On the mattress issue, found this on the SIDS website:

Response from FSID to final report of the government appointed Expert Group to Investigate Cot Death Theories: Toxic Gas Hypothesis

FSID welcomes the report of the Expert Group chaired by Lady Limerick. After an exhaustive investigation of the toxic gas hypothesis lasting three and a half years, methodically examining every aspect of the claim both by reviewing existing research, as well as by commissioning new research, the Expert Group has concluded that there is no evidence to support the claim that fire retardants in PVC cot mattresses cause cot death.

Joyce Epstein, Secretary-General of the FSID, said:

"The toxic gas theory has now received the most thorough possible attention, and has been rejected as unfounded. It brings to a close a ghastly episode in public health scare-mongering prompted by The Cook Report in 1994, which broadcast its programme without responsibly substantiating the evidence.

"Thousands of parents were distressed and misled by the story, convinced that mattresses kill babies. Even now a survey shows that more parents think mattresses cause cot death than are aware, for example, that smoking in pregnancy is dangerous for babies.

"nine babies still die every week in this country from cot death. We know some of the risk factors, but we need serious research - not the TV kind - to find out the causes and prevention of cot death."

Overall conclusions of report

The overall conclusion was that there was no evidence to substantiate the toxic gas hypothesis that antimony- and phosphorus-containing compounds used as fire retardants in PVC and other cot mattress materials are a cause of SIDS. Neither was there any evidence to believe that these chemicals could pose any other health risk to infants.

codswallop · 21/07/2003 13:42

dont buy a new one wellikins!

pie · 21/07/2003 13:47

Thanks for pointing out that letter bells, here is it in case anyone want to read it:

From the Director of the Foundation for the Study of Infant Deaths

Sir, I wish to clarify the advice we gave on parents sleeping with their babies (reports, July 17 and 19).
It is important for parents to realise just how dangerous it is to fall asleep with their baby on a sofa or armchair (report, July 17).
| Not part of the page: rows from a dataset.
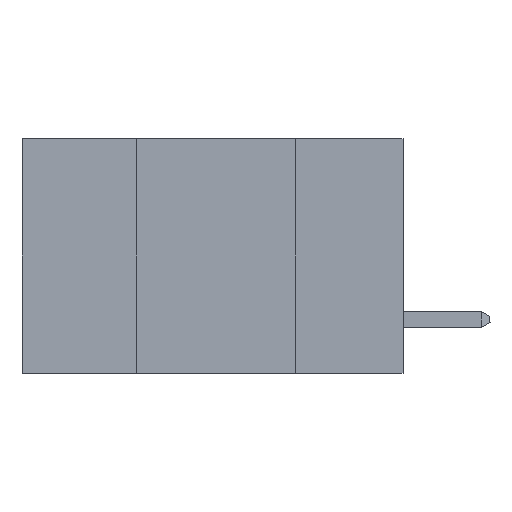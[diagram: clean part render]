
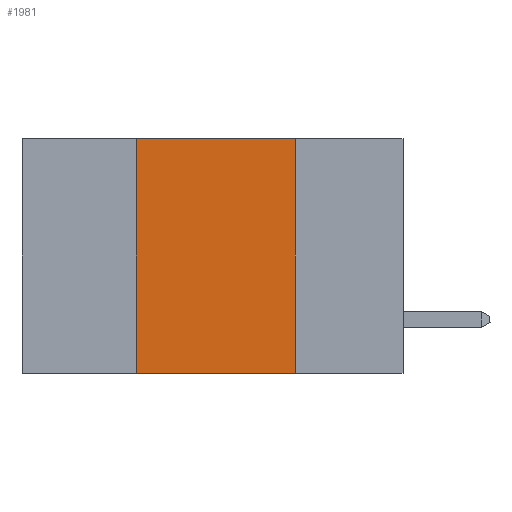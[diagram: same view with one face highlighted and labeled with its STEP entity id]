
A CAD part, left-side view. The second image highlights one B-rep face of the part: STEP entity #1981.
In plain terms, the highlighted planar face has unit normal (-1, 0, 0).
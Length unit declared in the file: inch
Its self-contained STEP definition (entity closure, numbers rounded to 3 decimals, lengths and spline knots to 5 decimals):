
#277 = ORIENTED_EDGE ( 'NONE', *, *, #17071, .F. ) ;
#422 = LINE ( 'NONE', #11621, #2778 ) ;
#614 = CARTESIAN_POINT ( 'NONE',  ( 0., 0.42, 0. ) ) ;
#1313 = DIRECTION ( 'NONE',  ( 0., -1., 0. ) ) ;
#1981 = ADVANCED_FACE ( 'NONE', ( #13944 ), #4124, .F. ) ;
#2393 = VECTOR ( 'NONE', #9593, 39.37008 ) ;
#2778 = VECTOR ( 'NONE', #1313, 39.37008 ) ;
#3025 = CARTESIAN_POINT ( 'NONE',  ( 0., 0.17, -0.37 ) ) ;
#3395 = ORIENTED_EDGE ( 'NONE', *, *, #3585, .F. ) ;
#3585 = EDGE_CURVE ( 'NONE', #11754, #8751, #10698, .T. ) ;
#4124 = PLANE ( 'NONE',  #11710 ) ;
#6725 = DIRECTION ( 'NONE',  ( 1., 0., 0. ) ) ;
#6842 = LINE ( 'NONE', #10884, #2393 ) ;
#7096 = VECTOR ( 'NONE', #11558, 39.37008 ) ;
#8751 = VERTEX_POINT ( 'NONE', #13995 ) ;
#9552 = ORIENTED_EDGE ( 'NONE', *, *, #10794, .F. ) ;
#9593 = DIRECTION ( 'NONE',  ( 0., -1., 0. ) ) ;
#10698 = LINE ( 'NONE', #614, #7096 ) ;
#10794 = EDGE_CURVE ( 'NONE', #13181, #16926, #15570, .T. ) ;
#10884 = CARTESIAN_POINT ( 'NONE',  ( 0., 0.6, -0.37 ) ) ;
#11386 = EDGE_LOOP ( 'NONE', ( #9552, #277, #3395, #12552 ) ) ;
#11558 = DIRECTION ( 'NONE',  ( 0., 0., 1. ) ) ;
#11621 = CARTESIAN_POINT ( 'NONE',  ( 0., 0.6, 0. ) ) ;
#11710 = AXIS2_PLACEMENT_3D ( 'NONE', #13612, #6725, #13435 ) ;
#11754 = VERTEX_POINT ( 'NONE', #15524 ) ;
#11969 = VECTOR ( 'NONE', #13886, 39.37008 ) ;
#12500 = EDGE_CURVE ( 'NONE', #11754, #16926, #6842, .T. ) ;
#12552 = ORIENTED_EDGE ( 'NONE', *, *, #12500, .T. ) ;
#13181 = VERTEX_POINT ( 'NONE', #15606 ) ;
#13435 = DIRECTION ( 'NONE',  ( 0., 0., -1. ) ) ;
#13612 = CARTESIAN_POINT ( 'NONE',  ( 0., 0.6, 0. ) ) ;
#13886 = DIRECTION ( 'NONE',  ( 0., 0., -1. ) ) ;
#13944 = FACE_OUTER_BOUND ( 'NONE', #11386, .T. ) ;
#13995 = CARTESIAN_POINT ( 'NONE',  ( 0., 0.42, 0. ) ) ;
#15524 = CARTESIAN_POINT ( 'NONE',  ( 0., 0.42, -0.37 ) ) ;
#15570 = LINE ( 'NONE', #16766, #11969 ) ;
#15606 = CARTESIAN_POINT ( 'NONE',  ( 0., 0.17, 0. ) ) ;
#16766 = CARTESIAN_POINT ( 'NONE',  ( 0., 0.17, 0. ) ) ;
#16926 = VERTEX_POINT ( 'NONE', #3025 ) ;
#17071 = EDGE_CURVE ( 'NONE', #8751, #13181, #422, .T. ) ;
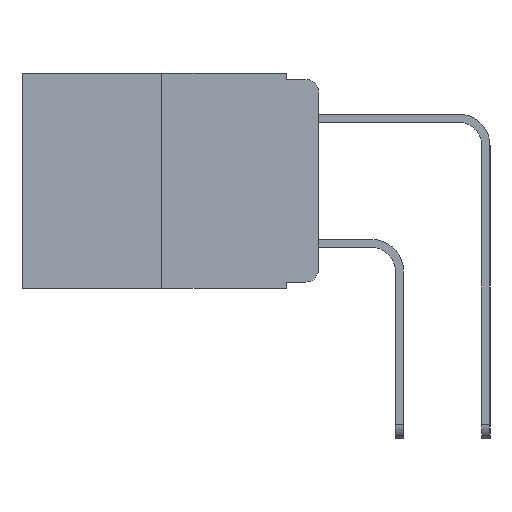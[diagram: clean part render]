
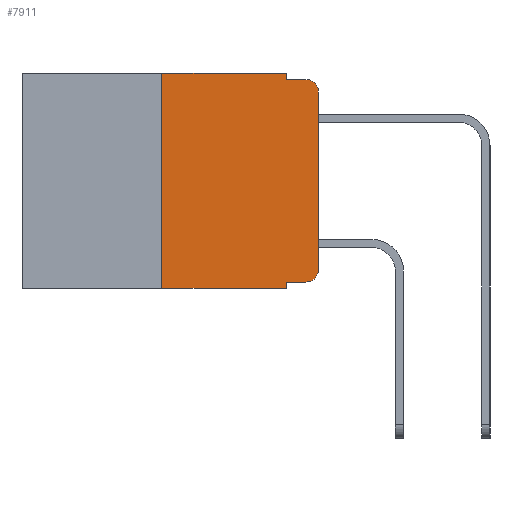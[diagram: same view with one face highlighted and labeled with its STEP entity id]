
A CAD part, left-side view. The second image highlights one B-rep face of the part: STEP entity #7911.
In plain terms, the highlighted planar face has unit normal (-1, 0, 0).
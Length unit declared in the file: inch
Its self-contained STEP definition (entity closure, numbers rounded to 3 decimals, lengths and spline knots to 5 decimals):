
#47 = CARTESIAN_POINT ( 'NONE',  ( 0., 0.25, 0. ) ) ;
#104 = CARTESIAN_POINT ( 'NONE',  ( 0., 0.02, -0.01 ) ) ;
#270 = DIRECTION ( 'NONE',  ( 0., 0., -1. ) ) ;
#321 = LINE ( 'NONE', #6497, #6520 ) ;
#387 = EDGE_CURVE ( 'NONE', #3466, #13747, #3057, .T. ) ;
#490 = CARTESIAN_POINT ( 'NONE',  ( 0., 0.02, -0.313 ) ) ;
#767 = CARTESIAN_POINT ( 'NONE',  ( 0., 0.051, -0.333 ) ) ;
#825 = VERTEX_POINT ( 'NONE', #12687 ) ;
#924 = EDGE_LOOP ( 'NONE', ( #10469, #10588, #10900, #11064, #9650, #9625, #9350, #9309, #9001, #8755 ) ) ;
#1018 = DIRECTION ( 'NONE',  ( 0., 0., 1. ) ) ;
#1388 = LINE ( 'NONE', #3729, #7141 ) ;
#1813 = DIRECTION ( 'NONE',  ( 0., 0., -1. ) ) ;
#1845 = CARTESIAN_POINT ( 'NONE',  ( 0., 0.473, -0.343 ) ) ;
#1988 = VERTEX_POINT ( 'NONE', #104 ) ;
#3057 = LINE ( 'NONE', #11514, #9057 ) ;
#3229 = DIRECTION ( 'NONE',  ( 0., 0., -1. ) ) ;
#3326 = EDGE_CURVE ( 'NONE', #5633, #1988, #5551, .T. ) ;
#3380 = DIRECTION ( 'NONE',  ( -1., 0., 0. ) ) ;
#3466 = VERTEX_POINT ( 'NONE', #767 ) ;
#3729 = CARTESIAN_POINT ( 'NONE',  ( 0., 0.473, 0. ) ) ;
#3804 = CARTESIAN_POINT ( 'NONE',  ( 0., 0.051, -0.343 ) ) ;
#3883 = CARTESIAN_POINT ( 'NONE',  ( 0., 0.473, 0. ) ) ;
#4152 = CARTESIAN_POINT ( 'NONE',  ( 0., 0.051, -0.01 ) ) ;
#4544 = AXIS2_PLACEMENT_3D ( 'NONE', #490, #9061, #1813 ) ;
#4919 = VERTEX_POINT ( 'NONE', #9320 ) ;
#5132 = EDGE_CURVE ( 'NONE', #15292, #10266, #5863, .T. ) ;
#5179 = VECTOR ( 'NONE', #9590, 39.37008 ) ;
#5425 = VECTOR ( 'NONE', #270, 39.37008 ) ;
#5551 = LINE ( 'NONE', #10362, #5179 ) ;
#5594 = AXIS2_PLACEMENT_3D ( 'NONE', #3883, #14474, #7516 ) ;
#5611 = FACE_OUTER_BOUND ( 'NONE', #924, .T. ) ;
#5633 = VERTEX_POINT ( 'NONE', #4152 ) ;
#5863 = LINE ( 'NONE', #1845, #9398 ) ;
#5932 = CARTESIAN_POINT ( 'NONE',  ( 0., 0.02, -0.333 ) ) ;
#6121 = EDGE_CURVE ( 'NONE', #9052, #13824, #1388, .T. ) ;
#6497 = CARTESIAN_POINT ( 'NONE',  ( 0., 0.25, 0. ) ) ;
#6520 = VECTOR ( 'NONE', #7733, 39.37008 ) ;
#7141 = VECTOR ( 'NONE', #9661, 39.37008 ) ;
#7439 = EDGE_CURVE ( 'NONE', #825, #1988, #11156, .T. ) ;
#7465 = PLANE ( 'NONE',  #5594 ) ;
#7516 = DIRECTION ( 'NONE',  ( 0., 0., -1. ) ) ;
#7733 = DIRECTION ( 'NONE',  ( 0., 0., 1. ) ) ;
#7746 = EDGE_CURVE ( 'NONE', #4919, #825, #14044, .T. ) ;
#7911 = ADVANCED_FACE ( 'NONE', ( #5611 ), #7465, .F. ) ;
#8015 = EDGE_CURVE ( 'NONE', #15292, #9052, #321, .T. ) ;
#8755 = ORIENTED_EDGE ( 'NONE', *, *, #12231, .T. ) ;
#8964 = LINE ( 'NONE', #11467, #14744 ) ;
#9001 = ORIENTED_EDGE ( 'NONE', *, *, #387, .T. ) ;
#9052 = VERTEX_POINT ( 'NONE', #47 ) ;
#9057 = VECTOR ( 'NONE', #9187, 39.37008 ) ;
#9061 = DIRECTION ( 'NONE',  ( -1., 0., 0. ) ) ;
#9187 = DIRECTION ( 'NONE',  ( 0., -1., 0. ) ) ;
#9301 = EDGE_CURVE ( 'NONE', #13824, #5633, #8964, .T. ) ;
#9309 = ORIENTED_EDGE ( 'NONE', *, *, #9767, .F. ) ;
#9320 = CARTESIAN_POINT ( 'NONE',  ( 0., 0., -0.313 ) ) ;
#9350 = ORIENTED_EDGE ( 'NONE', *, *, #5132, .T. ) ;
#9398 = VECTOR ( 'NONE', #12263, 39.37008 ) ;
#9590 = DIRECTION ( 'NONE',  ( 0., -1., 0. ) ) ;
#9625 = ORIENTED_EDGE ( 'NONE', *, *, #8015, .F. ) ;
#9650 = ORIENTED_EDGE ( 'NONE', *, *, #6121, .F. ) ;
#9661 = DIRECTION ( 'NONE',  ( 0., -1., 0. ) ) ;
#9767 = EDGE_CURVE ( 'NONE', #3466, #10266, #11673, .T. ) ;
#9839 = CARTESIAN_POINT ( 'NONE',  ( 0., 0.02, -0.03 ) ) ;
#10030 = CARTESIAN_POINT ( 'NONE',  ( 0., 0.051, 0. ) ) ;
#10138 = AXIS2_PLACEMENT_3D ( 'NONE', #9839, #3380, #3229 ) ;
#10157 = CIRCLE ( 'NONE', #4544, 0.02 ) ;
#10235 = VECTOR ( 'NONE', #1018, 39.37008 ) ;
#10266 = VERTEX_POINT ( 'NONE', #3804 ) ;
#10362 = CARTESIAN_POINT ( 'NONE',  ( 0., 0.051, -0.01 ) ) ;
#10469 = ORIENTED_EDGE ( 'NONE', *, *, #7746, .T. ) ;
#10588 = ORIENTED_EDGE ( 'NONE', *, *, #7439, .T. ) ;
#10900 = ORIENTED_EDGE ( 'NONE', *, *, #3326, .F. ) ;
#11064 = ORIENTED_EDGE ( 'NONE', *, *, #9301, .F. ) ;
#11156 = CIRCLE ( 'NONE', #10138, 0.02 ) ;
#11467 = CARTESIAN_POINT ( 'NONE',  ( 0., 0.051, 0. ) ) ;
#11514 = CARTESIAN_POINT ( 'NONE',  ( 0., 0.051, -0.333 ) ) ;
#11673 = LINE ( 'NONE', #10030, #5425 ) ;
#12231 = EDGE_CURVE ( 'NONE', #13747, #4919, #10157, .T. ) ;
#12263 = DIRECTION ( 'NONE',  ( 0., -1., 0. ) ) ;
#12574 = CARTESIAN_POINT ( 'NONE',  ( 0., 0.25, -0.343 ) ) ;
#12687 = CARTESIAN_POINT ( 'NONE',  ( 0., 0., -0.03 ) ) ;
#13747 = VERTEX_POINT ( 'NONE', #5932 ) ;
#13804 = DIRECTION ( 'NONE',  ( 0., 0., -1. ) ) ;
#13824 = VERTEX_POINT ( 'NONE', #15386 ) ;
#14044 = LINE ( 'NONE', #14133, #10235 ) ;
#14133 = CARTESIAN_POINT ( 'NONE',  ( 0., 0., 0. ) ) ;
#14474 = DIRECTION ( 'NONE',  ( 1., 0., 0. ) ) ;
#14744 = VECTOR ( 'NONE', #13804, 39.37008 ) ;
#15292 = VERTEX_POINT ( 'NONE', #12574 ) ;
#15386 = CARTESIAN_POINT ( 'NONE',  ( 0., 0.051, 0. ) ) ;
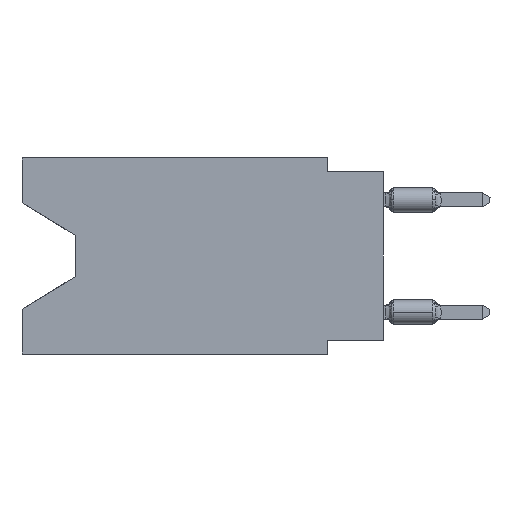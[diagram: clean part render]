
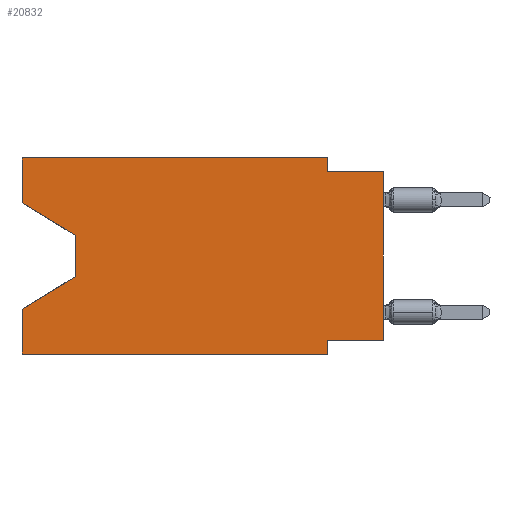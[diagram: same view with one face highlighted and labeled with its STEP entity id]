
A CAD part, left-side view. The second image highlights one B-rep face of the part: STEP entity #20832.
In plain terms, the highlighted planar face has unit normal (-1, 0, 0).
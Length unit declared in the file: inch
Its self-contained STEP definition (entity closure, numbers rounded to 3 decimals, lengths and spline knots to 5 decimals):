
#618 = FACE_OUTER_BOUND ( 'NONE', #41511, .T. ) ;
#1377 = CARTESIAN_POINT ( 'NONE',  ( 0., 0.645, 0. ) ) ;
#1447 = CARTESIAN_POINT ( 'NONE',  ( 0., 0.645, -0.35 ) ) ;
#1570 = CARTESIAN_POINT ( 'NONE',  ( 0., 0., -0.325 ) ) ;
#1896 = CARTESIAN_POINT ( 'NONE',  ( 0., 0.1, -0.025 ) ) ;
#1927 = DIRECTION ( 'NONE',  ( 0., -1., 0. ) ) ;
#2083 = CARTESIAN_POINT ( 'NONE',  ( 0., 0.1, -0.325 ) ) ;
#2717 = CARTESIAN_POINT ( 'NONE',  ( 0., 0.645, -0.26975 ) ) ;
#3611 = VECTOR ( 'NONE', #40483, 39.37008 ) ;
#3700 = CARTESIAN_POINT ( 'NONE',  ( 0., 0.645, 0. ) ) ;
#3707 = ORIENTED_EDGE ( 'NONE', *, *, #29903, .F. ) ;
#3910 = VERTEX_POINT ( 'NONE', #46453 ) ;
#3953 = LINE ( 'NONE', #3700, #15477 ) ;
#5005 = LINE ( 'NONE', #28997, #3611 ) ;
#5102 = CARTESIAN_POINT ( 'NONE',  ( 0., 0.55, -0.212 ) ) ;
#5575 = ORIENTED_EDGE ( 'NONE', *, *, #40534, .F. ) ;
#5635 = EDGE_CURVE ( 'NONE', #41653, #26834, #19051, .T. ) ;
#6497 = EDGE_CURVE ( 'NONE', #21473, #25921, #44659, .T. ) ;
#6798 = ORIENTED_EDGE ( 'NONE', *, *, #27615, .F. ) ;
#7573 = CARTESIAN_POINT ( 'NONE',  ( 0., 0.55, -0.212 ) ) ;
#8108 = VECTOR ( 'NONE', #10988, 39.37008 ) ;
#8962 = DIRECTION ( 'NONE',  ( 0., 0., -1. ) ) ;
#9596 = VERTEX_POINT ( 'NONE', #2083 ) ;
#10520 = CARTESIAN_POINT ( 'NONE',  ( 0., 0., -0.025 ) ) ;
#10645 = LINE ( 'NONE', #30471, #39534 ) ;
#10683 = VECTOR ( 'NONE', #41787, 39.37008 ) ;
#10988 = DIRECTION ( 'NONE',  ( 0., 0.855, -0.519 ) ) ;
#12114 = CARTESIAN_POINT ( 'NONE',  ( 0., 0.55, -0.138 ) ) ;
#13025 = EDGE_CURVE ( 'NONE', #21473, #9596, #5005, .T. ) ;
#13251 = VECTOR ( 'NONE', #23051, 39.37008 ) ;
#13808 = CARTESIAN_POINT ( 'NONE',  ( 0., 0.645, 0. ) ) ;
#13951 = DIRECTION ( 'NONE',  ( 0., 0., -1. ) ) ;
#14319 = EDGE_CURVE ( 'NONE', #3910, #15162, #10645, .T. ) ;
#14996 = ORIENTED_EDGE ( 'NONE', *, *, #33478, .T. ) ;
#15162 = VERTEX_POINT ( 'NONE', #12114 ) ;
#15477 = VECTOR ( 'NONE', #16463, 39.37008 ) ;
#15918 = EDGE_CURVE ( 'NONE', #3910, #34191, #23163, .T. ) ;
#16004 = ORIENTED_EDGE ( 'NONE', *, *, #48595, .F. ) ;
#16463 = DIRECTION ( 'NONE',  ( 0., 0., 1. ) ) ;
#16910 = DIRECTION ( 'NONE',  ( 0., 0., -1. ) ) ;
#18032 = ORIENTED_EDGE ( 'NONE', *, *, #6497, .T. ) ;
#18939 = VECTOR ( 'NONE', #13951, 39.37008 ) ;
#19051 = LINE ( 'NONE', #7573, #8108 ) ;
#20832 = ADVANCED_FACE ( 'NONE', ( #618 ), #36618, .F. ) ;
#20959 = VECTOR ( 'NONE', #16910, 39.37008 ) ;
#21349 = LINE ( 'NONE', #40921, #20959 ) ;
#21473 = VERTEX_POINT ( 'NONE', #1570 ) ;
#22216 = CARTESIAN_POINT ( 'NONE',  ( 0., 0.55, -0.138 ) ) ;
#22716 = ORIENTED_EDGE ( 'NONE', *, *, #13025, .F. ) ;
#23051 = DIRECTION ( 'NONE',  ( 0., -1., 0. ) ) ;
#23163 = LINE ( 'NONE', #47405, #37938 ) ;
#23311 = LINE ( 'NONE', #47287, #13251 ) ;
#24623 = DIRECTION ( 'NONE',  ( 1., 0., 0. ) ) ;
#25921 = VERTEX_POINT ( 'NONE', #36945 ) ;
#26133 = DIRECTION ( 'NONE',  ( 0., 0., -1. ) ) ;
#26215 = LINE ( 'NONE', #37452, #18939 ) ;
#26563 = DIRECTION ( 'NONE',  ( 0., -0.855, -0.519 ) ) ;
#26834 = VERTEX_POINT ( 'NONE', #2717 ) ;
#27085 = DIRECTION ( 'NONE',  ( 0., 0., 1. ) ) ;
#27615 = EDGE_CURVE ( 'NONE', #27646, #30293, #21349, .T. ) ;
#27646 = VERTEX_POINT ( 'NONE', #28916 ) ;
#28043 = VERTEX_POINT ( 'NONE', #1447 ) ;
#28264 = AXIS2_PLACEMENT_3D ( 'NONE', #1377, #24623, #8962 ) ;
#28916 = CARTESIAN_POINT ( 'NONE',  ( 0., 0.1, 0. ) ) ;
#28997 = CARTESIAN_POINT ( 'NONE',  ( 0., 0., -0.325 ) ) ;
#29903 = EDGE_CURVE ( 'NONE', #9596, #50969, #26215, .T. ) ;
#30293 = VERTEX_POINT ( 'NONE', #1896 ) ;
#30471 = CARTESIAN_POINT ( 'NONE',  ( 0., 0.645, -0.08025 ) ) ;
#33478 = EDGE_CURVE ( 'NONE', #28043, #50969, #23311, .T. ) ;
#33842 = CARTESIAN_POINT ( 'NONE',  ( 0., 0.1, -0.35 ) ) ;
#34001 = LINE ( 'NONE', #10520, #48061 ) ;
#34191 = VERTEX_POINT ( 'NONE', #13808 ) ;
#35635 = EDGE_CURVE ( 'NONE', #15162, #41653, #45432, .T. ) ;
#36618 = PLANE ( 'NONE',  #28264 ) ;
#36945 = CARTESIAN_POINT ( 'NONE',  ( 0., 0., -0.025 ) ) ;
#37357 = DIRECTION ( 'NONE',  ( 0., 0., 1. ) ) ;
#37452 = CARTESIAN_POINT ( 'NONE',  ( 0., 0.1, -0.35 ) ) ;
#37560 = VECTOR ( 'NONE', #26133, 39.37008 ) ;
#37938 = VECTOR ( 'NONE', #27085, 39.37008 ) ;
#38040 = ORIENTED_EDGE ( 'NONE', *, *, #15918, .F. ) ;
#39534 = VECTOR ( 'NONE', #26563, 39.37008 ) ;
#40483 = DIRECTION ( 'NONE',  ( 0., 1., 0. ) ) ;
#40534 = EDGE_CURVE ( 'NONE', #30293, #25921, #34001, .T. ) ;
#40921 = CARTESIAN_POINT ( 'NONE',  ( 0., 0.1, 0. ) ) ;
#41477 = VECTOR ( 'NONE', #37357, 39.37008 ) ;
#41511 = EDGE_LOOP ( 'NONE', ( #48845, #50808, #41907, #16004, #14996, #3707, #22716, #18032, #5575, #6798, #42801, #38040 ) ) ;
#41653 = VERTEX_POINT ( 'NONE', #5102 ) ;
#41787 = DIRECTION ( 'NONE',  ( 0., -1., 0. ) ) ;
#41907 = ORIENTED_EDGE ( 'NONE', *, *, #5635, .T. ) ;
#42251 = EDGE_CURVE ( 'NONE', #34191, #27646, #45944, .T. ) ;
#42801 = ORIENTED_EDGE ( 'NONE', *, *, #42251, .F. ) ;
#44659 = LINE ( 'NONE', #44920, #41477 ) ;
#44920 = CARTESIAN_POINT ( 'NONE',  ( 0., 0., 0. ) ) ;
#45432 = LINE ( 'NONE', #22216, #37560 ) ;
#45944 = LINE ( 'NONE', #50356, #10683 ) ;
#46453 = CARTESIAN_POINT ( 'NONE',  ( 0., 0.645, -0.08025 ) ) ;
#47287 = CARTESIAN_POINT ( 'NONE',  ( 0., 0.645, -0.35 ) ) ;
#47405 = CARTESIAN_POINT ( 'NONE',  ( 0., 0.645, 0. ) ) ;
#48061 = VECTOR ( 'NONE', #1927, 39.37008 ) ;
#48595 = EDGE_CURVE ( 'NONE', #28043, #26834, #3953, .T. ) ;
#48845 = ORIENTED_EDGE ( 'NONE', *, *, #14319, .T. ) ;
#50356 = CARTESIAN_POINT ( 'NONE',  ( 0., 0.645, 0. ) ) ;
#50808 = ORIENTED_EDGE ( 'NONE', *, *, #35635, .T. ) ;
#50969 = VERTEX_POINT ( 'NONE', #33842 ) ;

Our research shows that this increases the risk of sudden infant death fiftyfold.

On the issue of parents sharing a bed with their babies, we have found it increases the risk of sudden infant death under certain circumstances.

FSID advises parents that it is safest if your baby sleeps in a cot in your bedroom for the first six months. It is dangerous to share a bed with your baby if you or your partner are smokers, have been drinking alcohol, take drugs or medication that make you sleepy, are unwell, or feel very tired.

Yours faithfully,
JOYCE EPSTEIN,
Director,
Foundation for the Study of Infant Deaths,
Artillery House,
11-19 Artillery Row, SW1P 1RT.
July 19.

wobblymum · 21/07/2003 14:12

I'd be way too scared to sleep with my baby in my bed. I'd just keep thinking about what would happen if I didn roll over. Even on night feeds I sit on the edge of the bed so if I accidentally fell asleep, I'd soon wake up again! I often doze on the sofa with my baby on my chest, but only when DH is wide awake and sitting right next to me and also I seem to wake up every time she makes a move anyway.

We have the same problem as many people that dd won't often settle in her crib but we just let her sleep in her bouncing cradle instead, because it lies back fairly flat and she'll drift off happily in there.

elliott · 21/07/2003 14:15

Yes, its always that bit about 'if you are very tired' that makes me laugh....I mean, what mother of an infant is NOT completely exhausted??

iota · 21/07/2003 14:18

When I was in hospital with both ds1 and ds2 and they wouldn't settle in the plastic goldfish-bowl at night, the nurse tucked them up in bed with me.
I'd like to say that I got a good night's sleep, but that's not really possible in hospital, but at least I did get some sleep.

Claireandrich · 21/07/2003 20:57

iota - the midwives in our hospital also tucked DD up in bed with me when I had just had here; that's what started me on the co-sleeping I think. It felt so cosy and right.